§ REQUIRED WORK
Every record should be written out exactly, with the pictures left out.

§ SUPPLIED DATA
Segment Open

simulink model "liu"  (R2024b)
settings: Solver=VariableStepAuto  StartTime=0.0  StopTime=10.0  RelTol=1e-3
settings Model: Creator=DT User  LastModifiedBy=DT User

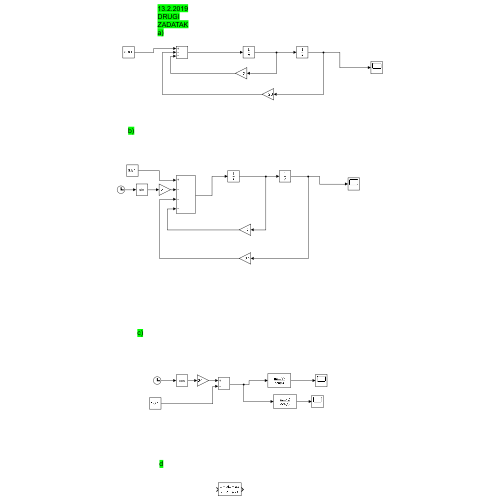
[thumbnail: Simulink's stored preview of the top-level diagram]
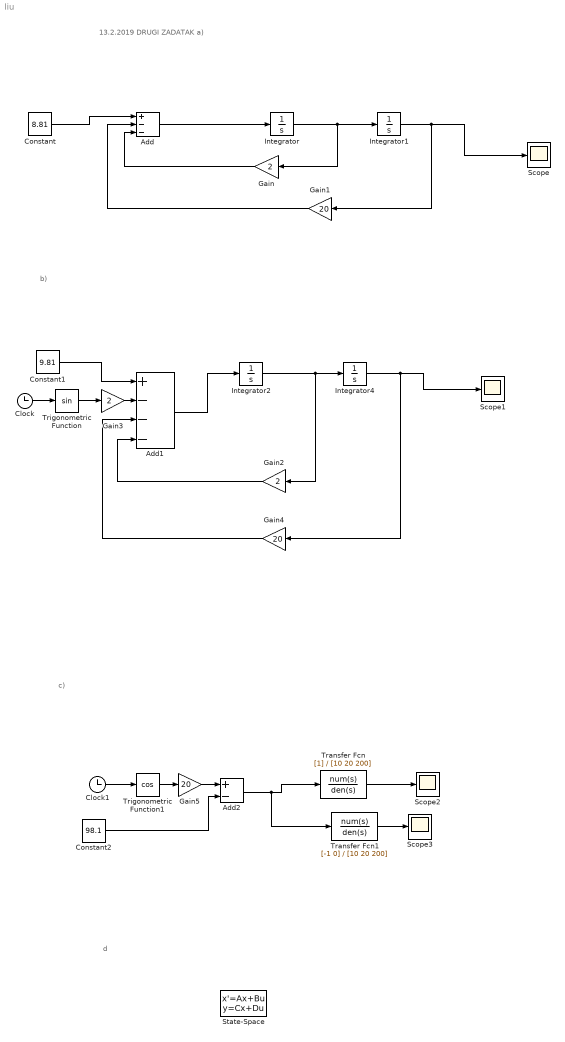
== system liu ==
  note: d
  note: c)
  note: b)
  note: 13.2.2019
      | DRUGI ZADATAK
      | a)
  Add : Sum  Inputs=+--
  Add1 : Sum  Inputs=+---
  Add2 : Sum  Inputs=+-
  Clock : Clock
  Clock1 : Clock
  Constant : Constant  Value=8.81
  Constant1 : Constant  Value=9.81
  Constant2 : Constant  Value=98.1
  Gain : Gain  Gain=2
  Gain1 : Gain  Gain=20
  Gain2 : Gain  Gain=2
  Gain3 : Gain  Gain=2
  Gain4 : Gain  Gain=20
  Gain5 : Gain  Gain=20
  Integrator{,1..2,4} (4 alike) : Integrator
  Scope{,1..3} (4 alike) : Scope
  State-Space : StateSpace  InitialCondition=0
  Transfer Fcn : TransferFcn  Denominator=[10 20 200]
  Transfer Fcn1 : TransferFcn  Numerator=[-1 0]  Denominator=[10 20 200]
  Trigonometric Function : Trigonometry
  Trigonometric Function1 : Trigonometry  Operator=cos
  wires:
  Integrator/1 -> Gain/1, Integrator1/1
  Add/1 -> Integrator/1
  Integrator1/1 -> Gain1/1, Scope/1
  Constant/1 -> Add/1
  Gain/1 -> Add/3
  Gain1/1 -> Add/2
  Integrator2/1 -> Gain2/1, Integrator4/1
  Integrator4/1 -> Gain4/1, Scope1/1
  Clock/1 -> Trigonometric Function/1
  Trigonometric Function/1 -> Gain3/1
  Gain3/1 -> Add1/2
  Constant1/1 -> Add1/1
  Gain2/1 -> Add1/4
  Gain4/1 -> Add1/3
  Add1/1 -> Integrator2/1
  Clock1/1 -> Trigonometric Function1/1
  Trigonometric Function1/1 -> Gain5/1
  Transfer Fcn/1 -> Scope2/1
  Gain5/1 -> Add2/1
  Constant2/1 -> Add2/2
  Add2/1 -> Transfer Fcn1/1, Transfer Fcn/1
  Transfer Fcn1/1 -> Scope3/1

Segment Closed

§ YOUR SOLUTION
simulink model "liu"  (R2024b)
settings: Solver=VariableStepAuto  StartTime=0.0  StopTime=10.0  RelTol=1e-3
settings Model: Creator=DT User  LastModifiedBy=DT User

[thumbnail: Simulink's stored preview of the top-level diagram]
== system liu ==
  note: d
  note: c)
  note: b)
  note: 13.2.2019
      | DRUGI ZADATAK
      | a)
  Add : Sum  Inputs=+--
  Add1 : Sum  Inputs=+---
  Add2 : Sum  Inputs=+-
  Clock : Clock
  Clock1 : Clock
  Constant : Constant  Value=8.81
  Constant1 : Constant  Value=9.81
  Constant2 : Constant  Value=98.1
  Gain : Gain  Gain=2
  Gain1 : Gain  Gain=20
  Gain2 : Gain  Gain=2
  Gain3 : Gain  Gain=2
  Gain4 : Gain  Gain=20
  Gain5 : Gain  Gain=20
  Integrator{,1..2,4} (4 alike) : Integrator
  Scope{,1..3} (4 alike) : Scope
  State-Space : StateSpace  InitialCondition=0
  Transfer Fcn : TransferFcn  Denominator=[10 20 200]
  Transfer Fcn1 : TransferFcn  Numerator=[-1 0]  Denominator=[10 20 200]
  Trigonometric Function : Trigonometry
  Trigonometric Function1 : Trigonometry  Operator=cos
  wires:
  Integrator/1 -> Gain/1, Integrator1/1
  Add/1 -> Integrator/1
  Integrator1/1 -> Gain1/1, Scope/1
  Constant/1 -> Add/1
  Gain/1 -> Add/3
  Gain1/1 -> Add/2
  Integrator2/1 -> Gain2/1, Integrator4/1
  Integrator4/1 -> Gain4/1, Scope1/1
  Clock/1 -> Trigonometric Function/1
  Trigonometric Function/1 -> Gain3/1
  Gain3/1 -> Add1/2
  Constant1/1 -> Add1/1
  Gain2/1 -> Add1/4
  Gain4/1 -> Add1/3
  Add1/1 -> Integrator2/1
  Clock1/1 -> Trigonometric Function1/1
  Trigonometric Function1/1 -> Gain5/1
  Transfer Fcn/1 -> Scope2/1
  Gain5/1 -> Add2/1
  Constant2/1 -> Add2/2
  Add2/1 -> Transfer Fcn1/1, Transfer Fcn/1
  Transfer Fcn1/1 -> Scope3/1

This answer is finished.